● Task statement:
Looking at the listing below, retype exactly the lines starting at the one containing "# Sketch3 → Cut-Extrude1 (cut)" and ending at the one containing "Line((15.727297353, 29.578744361), (8.254659543, 16.55628569))", both included, and nothing else.

[[ Records, beginning ]]

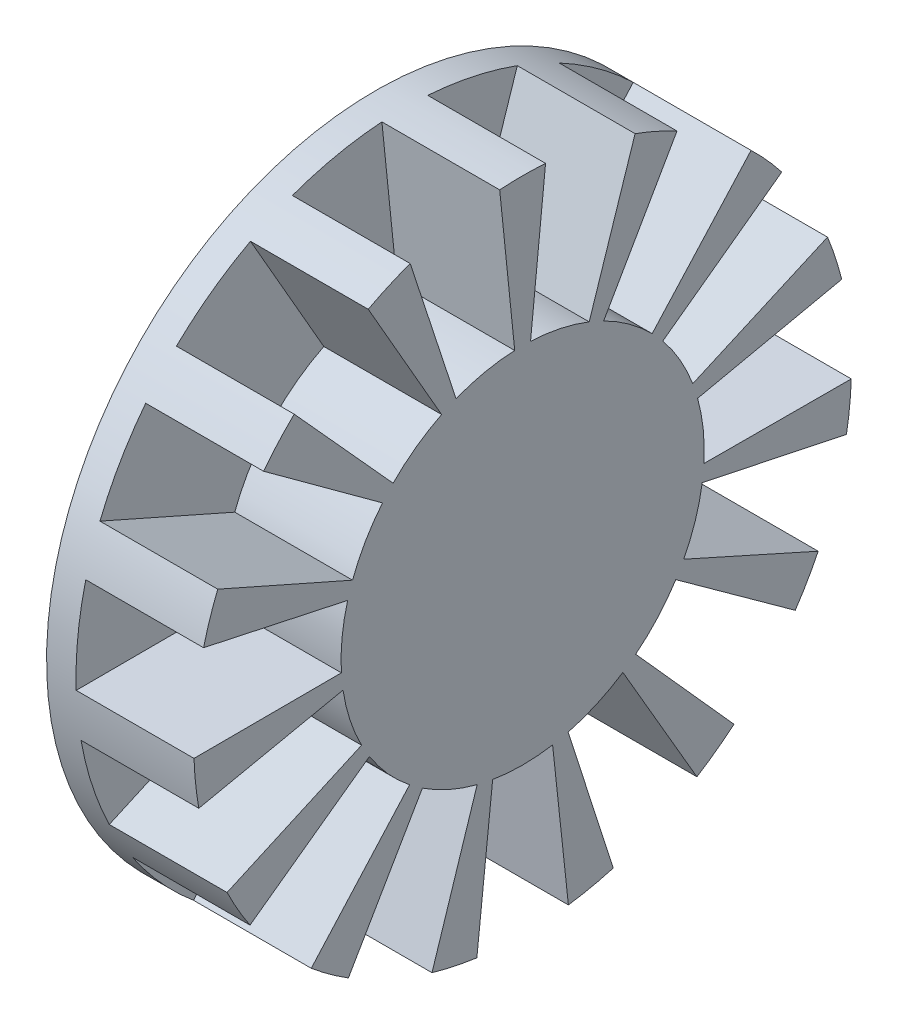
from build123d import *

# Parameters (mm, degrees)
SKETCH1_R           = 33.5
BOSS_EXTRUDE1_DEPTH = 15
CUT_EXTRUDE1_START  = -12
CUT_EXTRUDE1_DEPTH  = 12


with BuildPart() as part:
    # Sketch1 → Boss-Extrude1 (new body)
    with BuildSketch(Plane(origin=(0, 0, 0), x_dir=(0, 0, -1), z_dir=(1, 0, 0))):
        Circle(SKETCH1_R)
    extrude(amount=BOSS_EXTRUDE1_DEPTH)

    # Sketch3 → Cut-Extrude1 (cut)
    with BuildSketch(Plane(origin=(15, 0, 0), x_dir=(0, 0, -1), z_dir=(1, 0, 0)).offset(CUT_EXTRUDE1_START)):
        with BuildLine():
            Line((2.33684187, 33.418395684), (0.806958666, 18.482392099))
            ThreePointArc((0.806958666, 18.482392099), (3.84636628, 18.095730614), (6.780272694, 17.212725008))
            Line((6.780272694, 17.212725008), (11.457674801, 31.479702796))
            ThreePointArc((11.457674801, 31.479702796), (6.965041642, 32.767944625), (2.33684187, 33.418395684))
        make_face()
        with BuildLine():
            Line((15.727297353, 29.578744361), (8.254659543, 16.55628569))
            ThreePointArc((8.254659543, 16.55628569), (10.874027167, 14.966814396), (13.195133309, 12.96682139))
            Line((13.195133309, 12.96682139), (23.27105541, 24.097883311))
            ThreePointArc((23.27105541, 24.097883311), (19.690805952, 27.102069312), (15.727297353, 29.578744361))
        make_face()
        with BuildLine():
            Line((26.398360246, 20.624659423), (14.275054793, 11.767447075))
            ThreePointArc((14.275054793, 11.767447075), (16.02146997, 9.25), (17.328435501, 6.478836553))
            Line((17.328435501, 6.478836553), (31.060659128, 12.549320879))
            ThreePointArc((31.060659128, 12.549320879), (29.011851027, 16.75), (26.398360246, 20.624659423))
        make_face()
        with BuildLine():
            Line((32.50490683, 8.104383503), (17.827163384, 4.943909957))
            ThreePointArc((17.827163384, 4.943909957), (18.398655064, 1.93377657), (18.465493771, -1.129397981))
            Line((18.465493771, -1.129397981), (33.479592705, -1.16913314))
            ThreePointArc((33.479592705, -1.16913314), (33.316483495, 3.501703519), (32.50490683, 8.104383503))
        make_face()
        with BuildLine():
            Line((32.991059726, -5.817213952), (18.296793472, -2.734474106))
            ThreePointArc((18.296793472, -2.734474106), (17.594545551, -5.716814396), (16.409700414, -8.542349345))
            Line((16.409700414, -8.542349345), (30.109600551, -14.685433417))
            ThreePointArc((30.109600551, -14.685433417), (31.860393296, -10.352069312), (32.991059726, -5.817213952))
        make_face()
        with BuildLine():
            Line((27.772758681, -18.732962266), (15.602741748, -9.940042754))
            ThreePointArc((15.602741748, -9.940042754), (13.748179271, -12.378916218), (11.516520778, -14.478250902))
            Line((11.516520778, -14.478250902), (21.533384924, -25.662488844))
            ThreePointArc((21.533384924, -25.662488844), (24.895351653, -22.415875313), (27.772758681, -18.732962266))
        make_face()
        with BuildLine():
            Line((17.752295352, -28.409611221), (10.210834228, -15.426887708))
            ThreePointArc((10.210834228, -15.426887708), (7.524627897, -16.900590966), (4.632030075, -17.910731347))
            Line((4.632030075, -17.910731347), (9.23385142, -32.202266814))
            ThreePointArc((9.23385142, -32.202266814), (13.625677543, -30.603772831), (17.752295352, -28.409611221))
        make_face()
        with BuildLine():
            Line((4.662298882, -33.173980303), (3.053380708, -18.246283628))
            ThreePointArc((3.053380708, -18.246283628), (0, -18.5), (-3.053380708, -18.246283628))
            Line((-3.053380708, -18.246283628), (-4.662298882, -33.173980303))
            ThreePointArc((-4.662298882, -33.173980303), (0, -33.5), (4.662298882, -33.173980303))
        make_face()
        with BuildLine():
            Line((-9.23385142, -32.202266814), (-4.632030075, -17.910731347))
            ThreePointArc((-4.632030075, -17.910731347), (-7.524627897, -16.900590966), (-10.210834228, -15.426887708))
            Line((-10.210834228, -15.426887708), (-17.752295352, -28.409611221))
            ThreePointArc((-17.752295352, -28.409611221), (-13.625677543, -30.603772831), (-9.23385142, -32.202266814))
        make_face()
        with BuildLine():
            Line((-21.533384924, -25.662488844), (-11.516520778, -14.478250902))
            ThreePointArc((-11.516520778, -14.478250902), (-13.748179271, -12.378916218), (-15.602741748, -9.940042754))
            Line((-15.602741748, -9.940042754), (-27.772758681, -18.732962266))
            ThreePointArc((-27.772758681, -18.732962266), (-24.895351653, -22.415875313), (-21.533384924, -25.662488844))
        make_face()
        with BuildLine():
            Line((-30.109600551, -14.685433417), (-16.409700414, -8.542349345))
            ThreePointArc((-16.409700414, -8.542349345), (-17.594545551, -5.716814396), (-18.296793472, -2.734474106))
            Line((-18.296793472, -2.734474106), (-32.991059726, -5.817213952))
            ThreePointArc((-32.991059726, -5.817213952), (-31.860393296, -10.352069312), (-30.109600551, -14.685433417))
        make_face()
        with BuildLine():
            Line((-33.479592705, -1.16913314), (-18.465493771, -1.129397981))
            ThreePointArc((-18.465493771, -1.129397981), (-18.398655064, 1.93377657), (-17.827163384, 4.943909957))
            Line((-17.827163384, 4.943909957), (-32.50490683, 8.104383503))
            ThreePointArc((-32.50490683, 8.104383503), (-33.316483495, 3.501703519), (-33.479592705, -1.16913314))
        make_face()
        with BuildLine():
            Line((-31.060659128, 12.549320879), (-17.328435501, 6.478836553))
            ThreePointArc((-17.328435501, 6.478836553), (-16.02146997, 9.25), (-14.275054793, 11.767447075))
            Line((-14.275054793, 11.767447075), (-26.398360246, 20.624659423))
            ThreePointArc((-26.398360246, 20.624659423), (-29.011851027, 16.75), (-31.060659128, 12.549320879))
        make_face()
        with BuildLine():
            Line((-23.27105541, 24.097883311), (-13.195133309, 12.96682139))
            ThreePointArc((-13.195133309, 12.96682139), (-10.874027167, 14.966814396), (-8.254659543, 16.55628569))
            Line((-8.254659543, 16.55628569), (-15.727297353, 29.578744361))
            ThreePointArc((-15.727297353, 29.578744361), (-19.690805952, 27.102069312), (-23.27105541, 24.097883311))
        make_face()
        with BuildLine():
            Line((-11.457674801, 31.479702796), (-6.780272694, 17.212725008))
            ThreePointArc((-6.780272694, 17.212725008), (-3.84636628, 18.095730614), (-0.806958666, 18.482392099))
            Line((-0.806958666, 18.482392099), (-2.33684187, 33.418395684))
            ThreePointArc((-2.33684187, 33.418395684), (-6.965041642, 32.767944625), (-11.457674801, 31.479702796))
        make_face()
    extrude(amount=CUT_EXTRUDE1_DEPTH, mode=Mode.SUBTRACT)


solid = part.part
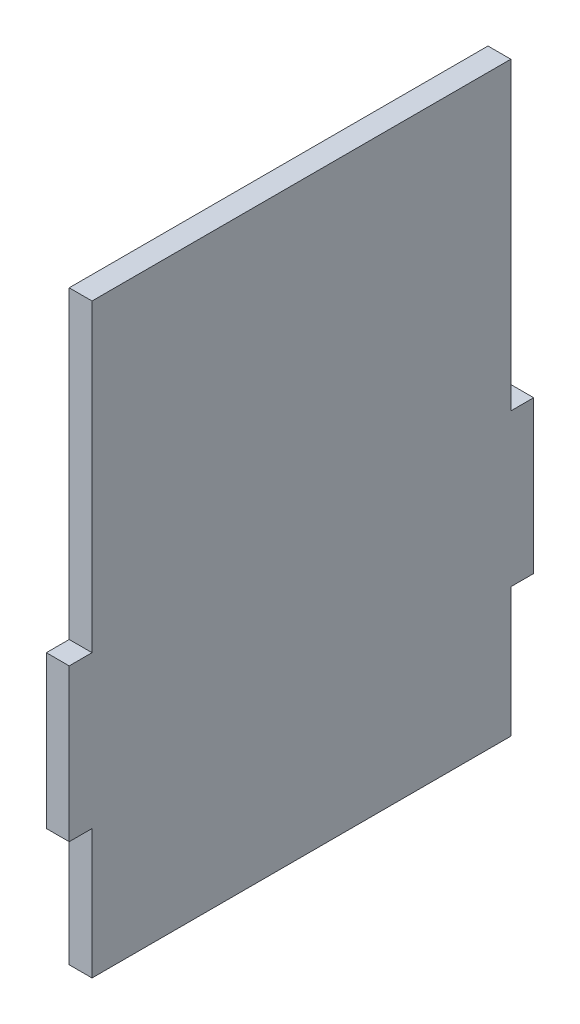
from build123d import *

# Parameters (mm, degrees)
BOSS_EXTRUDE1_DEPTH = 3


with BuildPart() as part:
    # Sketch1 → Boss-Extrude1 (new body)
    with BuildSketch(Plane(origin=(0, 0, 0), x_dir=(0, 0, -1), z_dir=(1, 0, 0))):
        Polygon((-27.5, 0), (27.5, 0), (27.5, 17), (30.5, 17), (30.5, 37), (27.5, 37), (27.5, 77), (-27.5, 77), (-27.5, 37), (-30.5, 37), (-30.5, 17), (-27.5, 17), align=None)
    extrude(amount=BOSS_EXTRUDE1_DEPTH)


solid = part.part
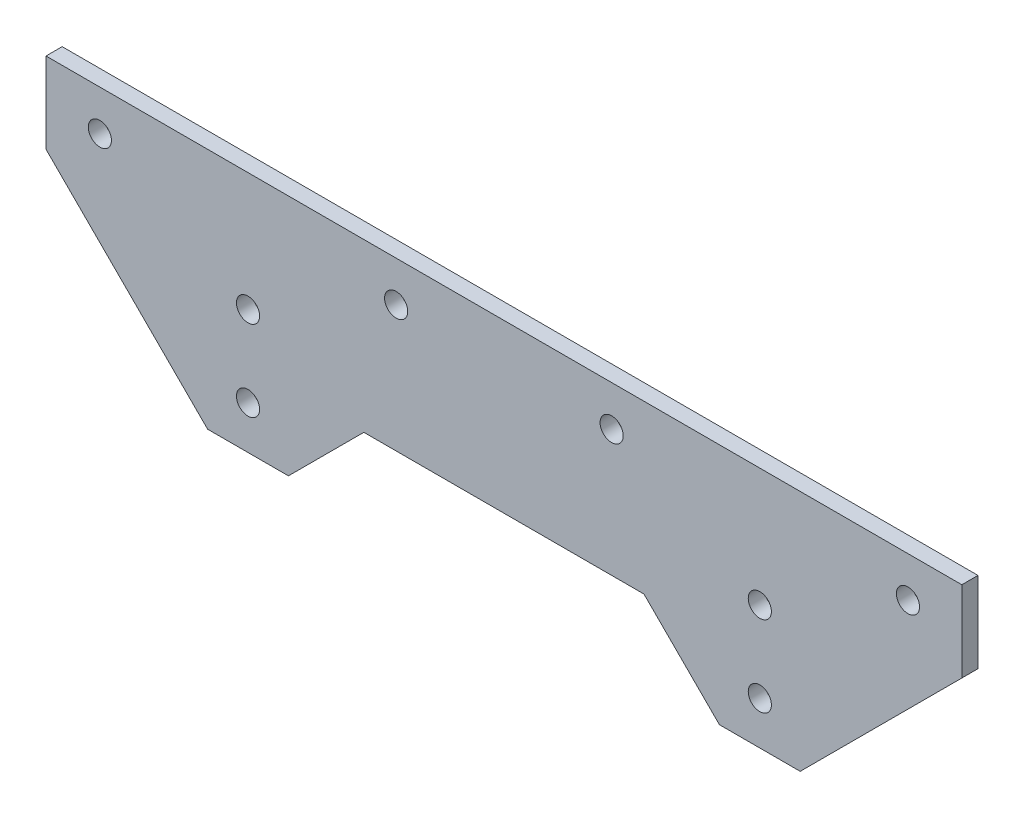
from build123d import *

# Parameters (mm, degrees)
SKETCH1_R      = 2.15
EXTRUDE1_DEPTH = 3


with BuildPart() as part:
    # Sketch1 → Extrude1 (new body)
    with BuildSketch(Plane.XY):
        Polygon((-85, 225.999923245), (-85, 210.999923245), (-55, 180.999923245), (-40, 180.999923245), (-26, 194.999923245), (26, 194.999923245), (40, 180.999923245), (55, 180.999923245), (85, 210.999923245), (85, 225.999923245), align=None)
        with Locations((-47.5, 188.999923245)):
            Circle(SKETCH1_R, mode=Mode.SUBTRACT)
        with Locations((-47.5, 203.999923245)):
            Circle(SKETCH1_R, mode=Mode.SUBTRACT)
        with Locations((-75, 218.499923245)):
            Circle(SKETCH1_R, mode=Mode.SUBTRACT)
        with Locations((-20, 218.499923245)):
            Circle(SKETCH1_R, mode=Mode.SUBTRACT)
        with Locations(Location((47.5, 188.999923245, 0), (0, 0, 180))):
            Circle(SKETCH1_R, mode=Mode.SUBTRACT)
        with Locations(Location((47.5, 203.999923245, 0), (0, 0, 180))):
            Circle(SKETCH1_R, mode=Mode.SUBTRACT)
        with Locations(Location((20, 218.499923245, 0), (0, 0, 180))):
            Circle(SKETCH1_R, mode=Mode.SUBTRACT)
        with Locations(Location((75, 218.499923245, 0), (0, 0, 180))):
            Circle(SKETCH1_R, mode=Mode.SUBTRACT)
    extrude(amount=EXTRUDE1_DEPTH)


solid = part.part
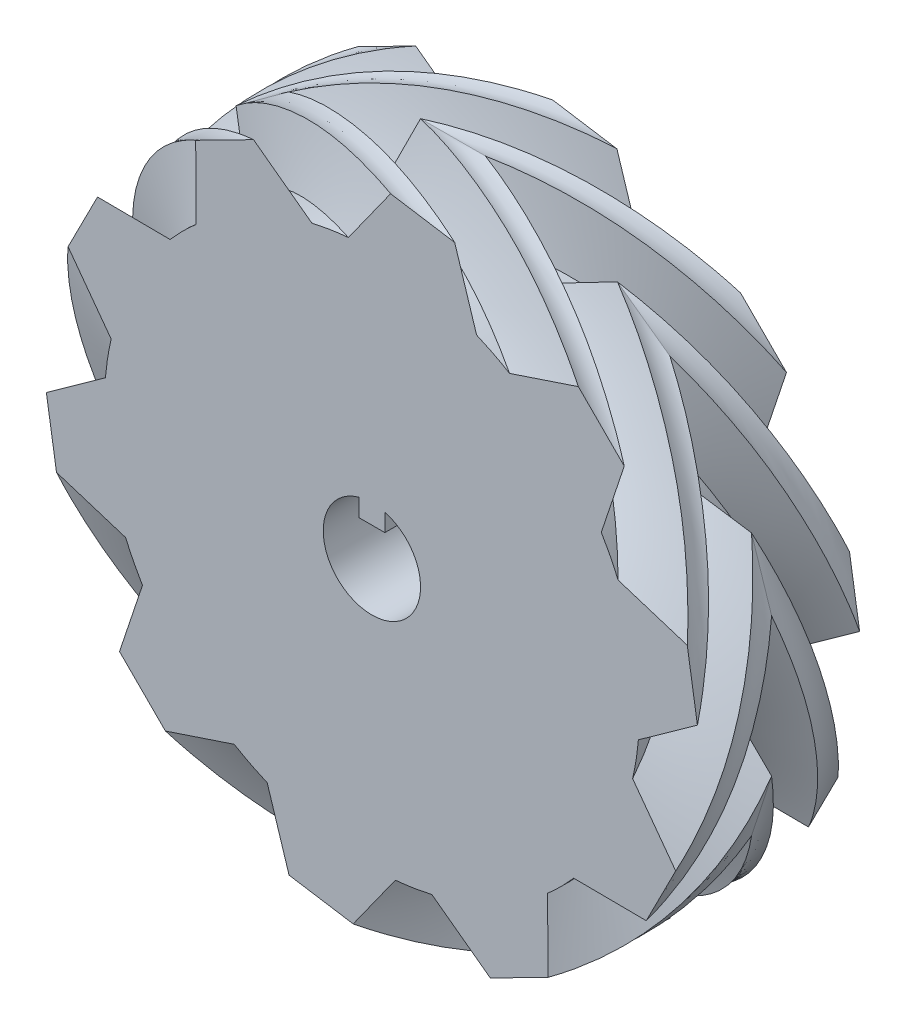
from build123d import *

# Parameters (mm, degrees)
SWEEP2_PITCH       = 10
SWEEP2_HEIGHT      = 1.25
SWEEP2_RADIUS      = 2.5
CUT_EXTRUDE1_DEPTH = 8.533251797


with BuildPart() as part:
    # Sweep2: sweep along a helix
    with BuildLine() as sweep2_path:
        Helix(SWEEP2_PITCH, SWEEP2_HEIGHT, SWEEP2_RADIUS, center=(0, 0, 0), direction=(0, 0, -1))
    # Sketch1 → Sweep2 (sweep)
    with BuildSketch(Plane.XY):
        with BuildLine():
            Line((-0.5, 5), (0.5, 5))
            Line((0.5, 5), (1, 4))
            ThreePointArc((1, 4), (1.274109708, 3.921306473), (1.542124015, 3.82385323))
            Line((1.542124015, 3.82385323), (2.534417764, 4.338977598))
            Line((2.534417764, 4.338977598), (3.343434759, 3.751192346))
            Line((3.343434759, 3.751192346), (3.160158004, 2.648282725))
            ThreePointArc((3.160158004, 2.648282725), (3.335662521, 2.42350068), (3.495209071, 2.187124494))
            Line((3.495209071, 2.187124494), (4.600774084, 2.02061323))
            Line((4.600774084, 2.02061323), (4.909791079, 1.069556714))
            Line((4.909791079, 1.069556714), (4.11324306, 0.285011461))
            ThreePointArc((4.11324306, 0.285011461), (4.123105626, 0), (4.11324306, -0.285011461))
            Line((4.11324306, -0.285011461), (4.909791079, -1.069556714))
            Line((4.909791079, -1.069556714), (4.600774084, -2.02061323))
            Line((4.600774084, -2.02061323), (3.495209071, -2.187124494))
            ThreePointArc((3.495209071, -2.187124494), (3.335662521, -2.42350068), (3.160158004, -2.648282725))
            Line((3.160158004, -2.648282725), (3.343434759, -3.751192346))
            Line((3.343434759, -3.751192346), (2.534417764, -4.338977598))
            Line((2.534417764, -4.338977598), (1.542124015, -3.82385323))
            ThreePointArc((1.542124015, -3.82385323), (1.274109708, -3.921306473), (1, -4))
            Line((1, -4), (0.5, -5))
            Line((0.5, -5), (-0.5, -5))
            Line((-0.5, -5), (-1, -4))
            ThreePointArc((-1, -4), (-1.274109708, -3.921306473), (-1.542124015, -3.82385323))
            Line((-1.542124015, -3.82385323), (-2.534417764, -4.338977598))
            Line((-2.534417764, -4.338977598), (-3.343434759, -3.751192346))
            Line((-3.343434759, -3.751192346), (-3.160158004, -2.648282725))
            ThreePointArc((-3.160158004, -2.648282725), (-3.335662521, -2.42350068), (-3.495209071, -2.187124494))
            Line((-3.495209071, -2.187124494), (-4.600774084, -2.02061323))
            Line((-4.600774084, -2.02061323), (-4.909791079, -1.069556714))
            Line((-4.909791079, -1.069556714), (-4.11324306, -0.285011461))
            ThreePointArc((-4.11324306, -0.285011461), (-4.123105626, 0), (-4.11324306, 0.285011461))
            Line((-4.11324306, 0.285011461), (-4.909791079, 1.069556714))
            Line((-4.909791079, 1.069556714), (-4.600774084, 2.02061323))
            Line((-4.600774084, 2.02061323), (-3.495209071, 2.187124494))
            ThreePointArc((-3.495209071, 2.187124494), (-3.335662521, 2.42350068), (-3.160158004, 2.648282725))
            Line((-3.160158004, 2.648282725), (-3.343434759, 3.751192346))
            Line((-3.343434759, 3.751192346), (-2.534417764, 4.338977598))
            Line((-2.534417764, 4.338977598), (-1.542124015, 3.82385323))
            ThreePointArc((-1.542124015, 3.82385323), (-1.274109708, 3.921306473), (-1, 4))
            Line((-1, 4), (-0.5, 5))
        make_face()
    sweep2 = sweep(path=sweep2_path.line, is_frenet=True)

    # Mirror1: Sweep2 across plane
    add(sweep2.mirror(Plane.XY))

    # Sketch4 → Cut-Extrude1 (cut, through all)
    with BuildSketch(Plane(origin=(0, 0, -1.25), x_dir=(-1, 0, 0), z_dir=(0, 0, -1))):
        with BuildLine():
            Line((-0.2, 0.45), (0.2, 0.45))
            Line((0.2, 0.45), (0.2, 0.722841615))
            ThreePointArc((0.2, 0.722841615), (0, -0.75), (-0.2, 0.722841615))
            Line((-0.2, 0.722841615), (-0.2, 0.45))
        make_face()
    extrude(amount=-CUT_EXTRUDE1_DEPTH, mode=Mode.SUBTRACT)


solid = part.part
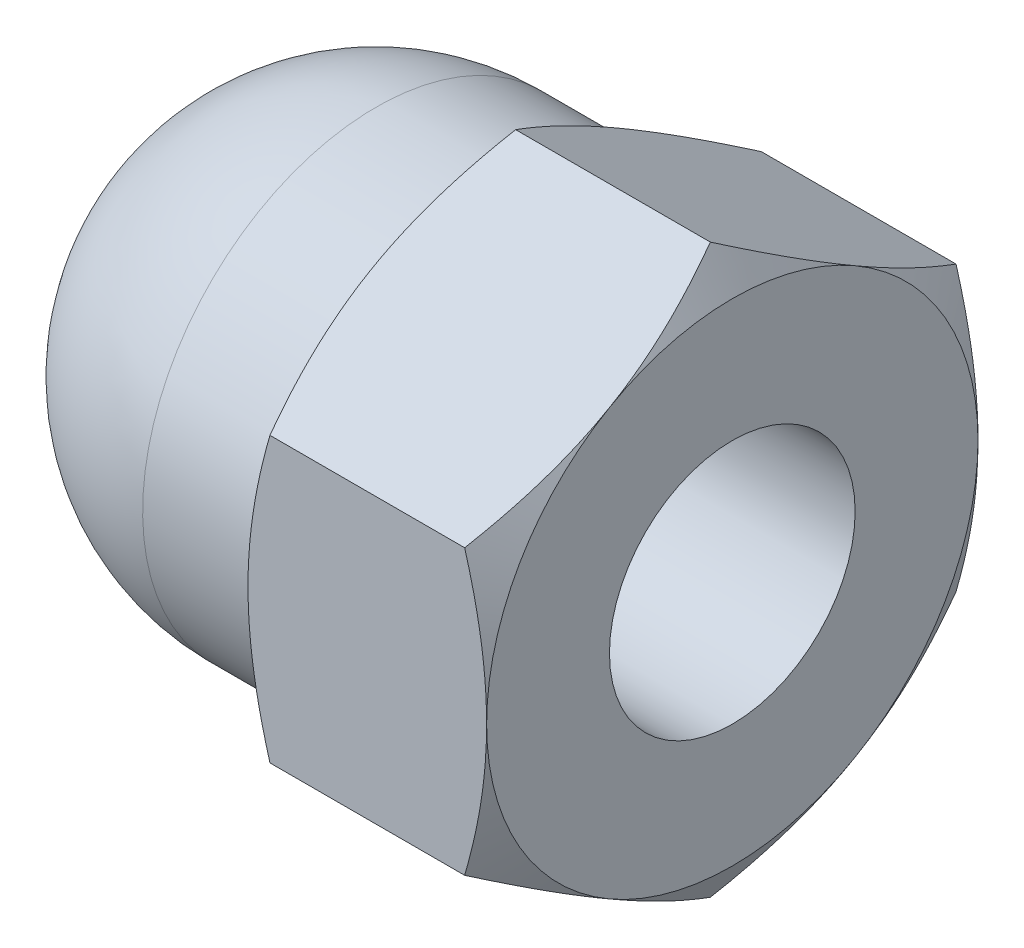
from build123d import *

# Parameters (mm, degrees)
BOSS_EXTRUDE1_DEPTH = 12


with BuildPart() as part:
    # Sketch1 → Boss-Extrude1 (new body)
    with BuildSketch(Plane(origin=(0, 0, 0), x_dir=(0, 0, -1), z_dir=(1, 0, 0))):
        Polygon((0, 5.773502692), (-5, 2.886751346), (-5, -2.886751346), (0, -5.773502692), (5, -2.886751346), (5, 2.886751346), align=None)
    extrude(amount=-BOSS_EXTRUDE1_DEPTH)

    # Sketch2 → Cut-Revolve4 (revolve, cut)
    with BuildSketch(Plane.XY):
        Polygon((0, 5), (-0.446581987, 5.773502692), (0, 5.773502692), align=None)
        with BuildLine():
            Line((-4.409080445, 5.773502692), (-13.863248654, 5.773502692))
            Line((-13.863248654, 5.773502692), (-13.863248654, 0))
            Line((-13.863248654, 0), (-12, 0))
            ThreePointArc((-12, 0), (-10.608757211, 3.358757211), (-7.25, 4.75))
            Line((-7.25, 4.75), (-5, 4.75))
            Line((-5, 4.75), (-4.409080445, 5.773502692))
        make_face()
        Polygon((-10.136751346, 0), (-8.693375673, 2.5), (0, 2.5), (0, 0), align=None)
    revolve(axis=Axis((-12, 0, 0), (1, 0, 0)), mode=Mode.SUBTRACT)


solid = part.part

[[ Records, end ]]

● Response area:
    # Sketch3 → Cut-Extrude1 (cut)
    with BuildSketch(Plane(origin=(15, 0, 0), x_dir=(0, 0, -1), z_dir=(1, 0, 0)).offset(CUT_EXTRUDE1_START)):
        with BuildLine():
            Line((2.33684187, 33.418395684), (0.806958666, 18.482392099))
            ThreePointArc((0.806958666, 18.482392099), (3.84636628, 18.095730614), (6.780272694, 17.212725008))
            Line((6.780272694, 17.212725008), (11.457674801, 31.479702796))
            ThreePointArc((11.457674801, 31.479702796), (6.965041642, 32.767944625), (2.33684187, 33.418395684))
        make_face()
        with BuildLine():
            Line((15.727297353, 29.578744361), (8.254659543, 16.55628569))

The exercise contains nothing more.